A lot of attention has been given to the ballooning private aviation market in Asia — and rightly so! But what about other parts of the world? For instance, what’s going on in the Middle East?

The Middle East and Northern Africa region is one of the fastest growing and most attractive aviation markets in the world. Middle East Business Aviation Association (MEBAA) predicts growth of 15-20 percent in the area over the next six years, achieving a market value of $1 billion by 2018.

Even though political unrest troubles the Middle East, private aviation continues to grow. For companies serious about doing business there, a private jet is a serious competitive advantage.
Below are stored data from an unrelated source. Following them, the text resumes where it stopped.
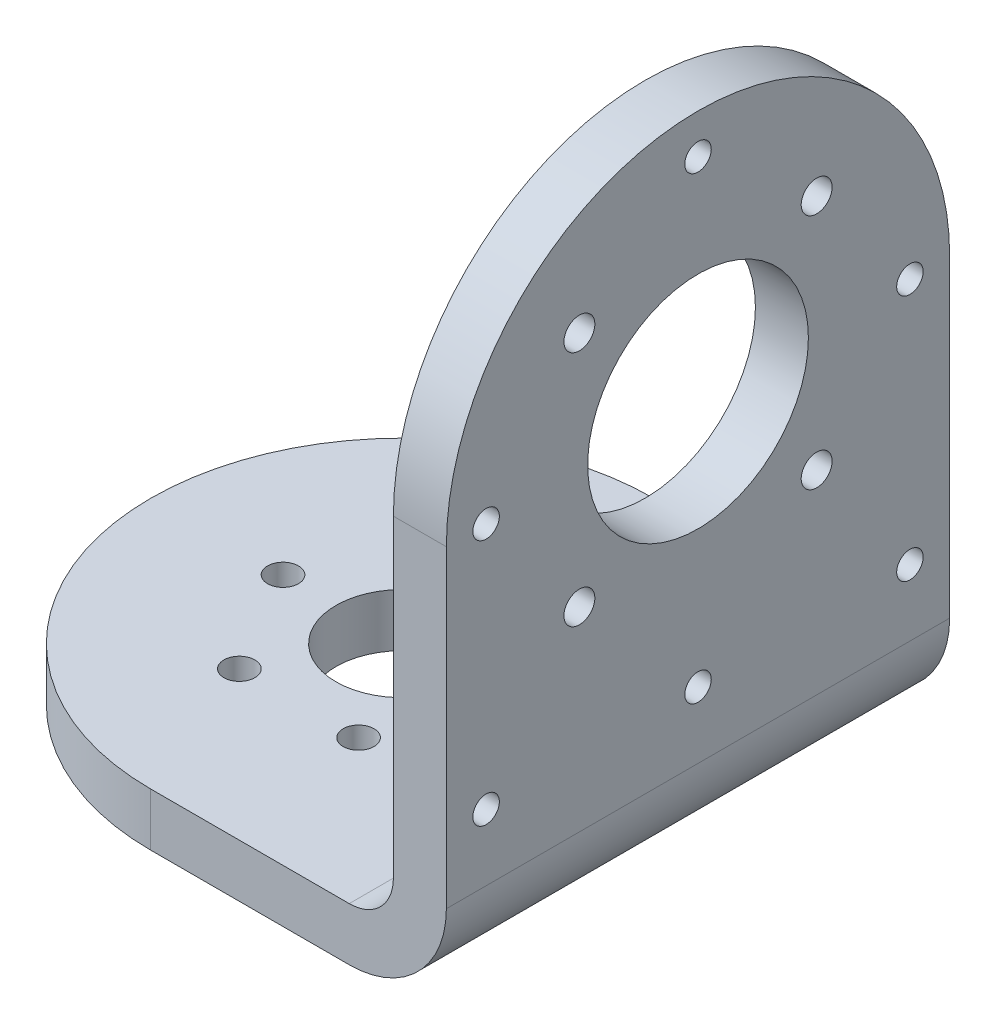
ISO-10303-21;
HEADER;
FILE_DESCRIPTION(('STEP AP214'),'2;1');
FILE_NAME('part.step','',(''),(''),'','','');
FILE_SCHEMA(('AUTOMOTIVE_DESIGN { 1 0 10303 214 1 1 1 1 }'));
ENDSEC;
DATA;
#1=APPLICATION_CONTEXT('core data for automotive mechanical design processes');
#2=APPLICATION_PROTOCOL_DEFINITION('international standard','automotive_design',2000,#1);
#3=PRODUCT_CONTEXT('',#1,'mechanical');
#4=PRODUCT('Part','Part','',(#3));
#5=PRODUCT_RELATED_PRODUCT_CATEGORY('part','',(#4));
#6=PRODUCT_DEFINITION_FORMATION('','',#4);
#7=PRODUCT_DEFINITION_CONTEXT('part definition',#1,'design');
#8=PRODUCT_DEFINITION('design','',#6,#7);
#9=PRODUCT_DEFINITION_SHAPE('','',#8);
#10=(LENGTH_UNIT() NAMED_UNIT(*) SI_UNIT(.MILLI.,.METRE.));
#11=(NAMED_UNIT(*) PLANE_ANGLE_UNIT() SI_UNIT($,.RADIAN.));
#12=(NAMED_UNIT(*) SI_UNIT($,.STERADIAN.) SOLID_ANGLE_UNIT());
#13=UNCERTAINTY_MEASURE_WITH_UNIT(LENGTH_MEASURE(1.E-05),#10,'distance_accuracy_value','');
#14=(GEOMETRIC_REPRESENTATION_CONTEXT(3) GLOBAL_UNCERTAINTY_ASSIGNED_CONTEXT((#13)) GLOBAL_UNIT_ASSIGNED_CONTEXT((#10,
#11,#12)) REPRESENTATION_CONTEXT('',''));
#15=CARTESIAN_POINT('',(0.,0.,0.));
#16=DIRECTION('',(0.,0.,1.));
#17=DIRECTION('',(1.,0.,0.));
#18=AXIS2_PLACEMENT_3D('',#15,#16,#17);
#19=CARTESIAN_POINT('',(0.,6.,0.));
#20=DIRECTION('',(0.,-1.,0.));
#21=DIRECTION('',(0.,0.,-1.));
#22=AXIS2_PLACEMENT_3D('',#19,#20,#21);
#23=CYLINDRICAL_SURFACE('',#22,28.5);
#24=CARTESIAN_POINT('',(0.,0.,0.));
#25=DIRECTION('',(0.,1.,0.));
#26=DIRECTION('',(0.,0.,1.));
#27=AXIS2_PLACEMENT_3D('',#24,#25,#26);
#28=CIRCLE('',#27,28.5);
#29=CARTESIAN_POINT('',(0.,0.,-28.5));
#30=VERTEX_POINT('',#29);
#31=CARTESIAN_POINT('',(0.,0.,28.5));
#32=VERTEX_POINT('',#31);
#33=EDGE_CURVE('E138',#30,#32,#28,.T.);
#34=ORIENTED_EDGE('',*,*,#33,.T.);
#35=DIRECTION('',(0.,-1.,0.));
#36=VECTOR('',#35,1.);
#37=CARTESIAN_POINT('',(0.,6.,28.5));
#38=LINE('',#37,#36);
#39=CARTESIAN_POINT('',(0.,6.,28.5));
#40=VERTEX_POINT('',#39);
#41=EDGE_CURVE('E161',#40,#32,#38,.T.);
#42=ORIENTED_EDGE('',*,*,#41,.F.);
#43=CARTESIAN_POINT('',(0.,6.,0.));
#44=DIRECTION('',(0.,1.,0.));
#45=DIRECTION('',(0.,0.,1.));
#46=AXIS2_PLACEMENT_3D('',#43,#44,#45);
#47=CIRCLE('',#46,28.5);
#48=CARTESIAN_POINT('',(0.,6.,-28.5));
#49=VERTEX_POINT('',#48);
#50=EDGE_CURVE('E140',#49,#40,#47,.T.);
#51=ORIENTED_EDGE('',*,*,#50,.F.);
#52=DIRECTION('',(0.,-1.,0.));
#53=VECTOR('',#52,1.);
#54=CARTESIAN_POINT('',(0.,6.,-28.5));
#55=LINE('',#54,#53);
#56=EDGE_CURVE('E149',#49,#30,#55,.T.);
#57=ORIENTED_EDGE('',*,*,#56,.T.);
#58=EDGE_LOOP('',(#34,#42,#51,#57));
#59=FACE_BOUND('',#58,.T.);
#60=ADVANCED_FACE('F41',(#59),#23,.T.);
#61=CARTESIAN_POINT('',(0.,6.,28.5));
#62=DIRECTION('',(0.,0.,-1.));
#63=DIRECTION('',(-1.,0.,0.));
#64=AXIS2_PLACEMENT_3D('',#61,#62,#63);
#65=PLANE('',#64);
#66=DIRECTION('',(1.,0.,0.));
#67=VECTOR('',#66,1.);
#68=CARTESIAN_POINT('',(0.,0.,28.5));
#69=LINE('',#68,#67);
#70=CARTESIAN_POINT('',(22.5,0.,28.5));
#71=VERTEX_POINT('',#70);
#72=EDGE_CURVE('E152',#32,#71,#69,.T.);
#73=ORIENTED_EDGE('',*,*,#72,.T.);
#74=CARTESIAN_POINT('',(22.5,11.,28.5));
#75=DIRECTION('',(0.,0.,-1.));
#76=DIRECTION('',(-1.,0.,0.));
#77=AXIS2_PLACEMENT_3D('',#74,#75,#76);
#78=CIRCLE('',#77,11.);
#79=CARTESIAN_POINT('',(33.5,11.,28.5));
#80=VERTEX_POINT('',#79);
#81=EDGE_CURVE('E65',#71,#80,#78,.F.);
#82=ORIENTED_EDGE('',*,*,#81,.T.);
#83=DIRECTION('',(0.,-1.,0.));
#84=VECTOR('',#83,1.);
#85=CARTESIAN_POINT('',(33.5,6.,28.5));
#86=LINE('',#85,#84);
#87=CARTESIAN_POINT('',(33.5,46.5,28.5));
#88=VERTEX_POINT('',#87);
#89=EDGE_CURVE('E159',#88,#80,#86,.T.);
#90=ORIENTED_EDGE('',*,*,#89,.F.);
#91=DIRECTION('',(1.,0.,0.));
#92=VECTOR('',#91,1.);
#93=CARTESIAN_POINT('',(27.5,46.5,28.5));
#94=LINE('',#93,#92);
#95=CARTESIAN_POINT('',(27.5,46.5,28.5));
#96=VERTEX_POINT('',#95);
#97=EDGE_CURVE('E126',#96,#88,#94,.T.);
#98=ORIENTED_EDGE('',*,*,#97,.F.);
#99=DIRECTION('',(0.,1.,0.));
#100=VECTOR('',#99,1.);
#101=CARTESIAN_POINT('',(27.5,0.,28.5));
#102=LINE('',#101,#100);
#103=CARTESIAN_POINT('',(27.5,11.,28.5));
#104=VERTEX_POINT('',#103);
#105=EDGE_CURVE('E127',#104,#96,#102,.T.);
#106=ORIENTED_EDGE('',*,*,#105,.F.);
#107=CARTESIAN_POINT('',(22.5,11.,28.5));
#108=DIRECTION('',(0.,0.,-1.));
#109=DIRECTION('',(-1.,0.,0.));
#110=AXIS2_PLACEMENT_3D('',#107,#108,#109);
#111=CIRCLE('',#110,5.);
#112=CARTESIAN_POINT('',(22.5,6.,28.5));
#113=VERTEX_POINT('',#112);
#114=EDGE_CURVE('E200',#104,#113,#111,.T.);
#115=ORIENTED_EDGE('',*,*,#114,.T.);
#116=DIRECTION('',(1.,0.,0.));
#117=VECTOR('',#116,1.);
#118=CARTESIAN_POINT('',(0.,6.,28.5));
#119=LINE('',#118,#117);
#120=EDGE_CURVE('E143',#40,#113,#119,.T.);
#121=ORIENTED_EDGE('',*,*,#120,.F.);
#122=ORIENTED_EDGE('',*,*,#41,.T.);
#123=EDGE_LOOP('',(#73,#82,#90,#98,#106,#115,#121,#122));
#124=FACE_BOUND('',#123,.T.);
#125=ADVANCED_FACE('F274',(#124),#65,.F.);
#126=CARTESIAN_POINT('',(33.5,6.,0.));
#127=DIRECTION('',(1.,0.,0.));
#128=DIRECTION('',(0.,0.,-1.));
#129=AXIS2_PLACEMENT_3D('',#126,#127,#128);
#130=PLANE('',#129);
#131=CARTESIAN_POINT('',(33.5,70.5,0.));
#132=DIRECTION('',(1.,0.,0.));
#133=DIRECTION('',(0.,0.,-1.));
#134=AXIS2_PLACEMENT_3D('',#131,#132,#133);
#135=CIRCLE('',#134,1.5);
#136=CARTESIAN_POINT('',(33.5,70.5,-1.5));
#137=VERTEX_POINT('',#136);
#138=EDGE_CURVE('E212',#137,#137,#135,.T.);
#139=ORIENTED_EDGE('',*,*,#138,.F.);
#140=EDGE_LOOP('',(#139));
#141=FACE_BOUND('',#140,.T.);
#142=CARTESIAN_POINT('',(33.5,18.5,0.));
#143=DIRECTION('',(1.,0.,0.));
#144=DIRECTION('',(0.,0.,-1.));
#145=AXIS2_PLACEMENT_3D('',#142,#143,#144);
#146=CIRCLE('',#145,1.5);
#147=CARTESIAN_POINT('',(33.5,18.5,-1.5));
#148=VERTEX_POINT('',#147);
#149=EDGE_CURVE('E352',#148,#148,#146,.T.);
#150=ORIENTED_EDGE('',*,*,#149,.F.);
#151=EDGE_LOOP('',(#150));
#152=FACE_BOUND('',#151,.T.);
#153=CARTESIAN_POINT('',(33.5,46.5,0.));
#154=DIRECTION('',(1.,0.,0.));
#155=DIRECTION('',(0.,0.,-1.));
#156=AXIS2_PLACEMENT_3D('',#153,#154,#155);
#157=CIRCLE('',#156,12.5);
#158=CARTESIAN_POINT('',(33.5,46.5,-12.5));
#159=VERTEX_POINT('',#158);
#160=EDGE_CURVE('E356',#159,#159,#157,.T.);
#161=ORIENTED_EDGE('',*,*,#160,.F.);
#162=EDGE_LOOP('',(#161));
#163=FACE_BOUND('',#162,.T.);
#164=CARTESIAN_POINT('',(33.5,18.5,-24.));
#165=DIRECTION('',(1.,0.,0.));
#166=DIRECTION('',(0.,0.,-1.));
#167=AXIS2_PLACEMENT_3D('',#164,#165,#166);
#168=CIRCLE('',#167,1.5);
#169=CARTESIAN_POINT('',(33.5,18.5,-25.5));
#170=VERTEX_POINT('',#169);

Many locations in Afghanistan, Iraq and parts of Africa are unreachable except by air, and commercial airlines don’t offer frequent flights there.

As in Asia, inadequate aviation infrastructure is certainly an obstacle to rapid growth of the private aviation market.

“The support infrastructure in the Middle East remains weak and does not meet the market demands,” explains Bilal Yousuf of Al Jaber Aviation LLC.

Most of the jets in the Middle East region are mid-sized, typically seating between six and 19 passengers. However, some of the largest private jets in the world are in the United Arab Emirates and Qatar, including this Boeing 747 V.I.P., which could seat 460 but instead has a two-car garage, horse and camel stables , and a rotating prayer room that always faces Mecca. Wow!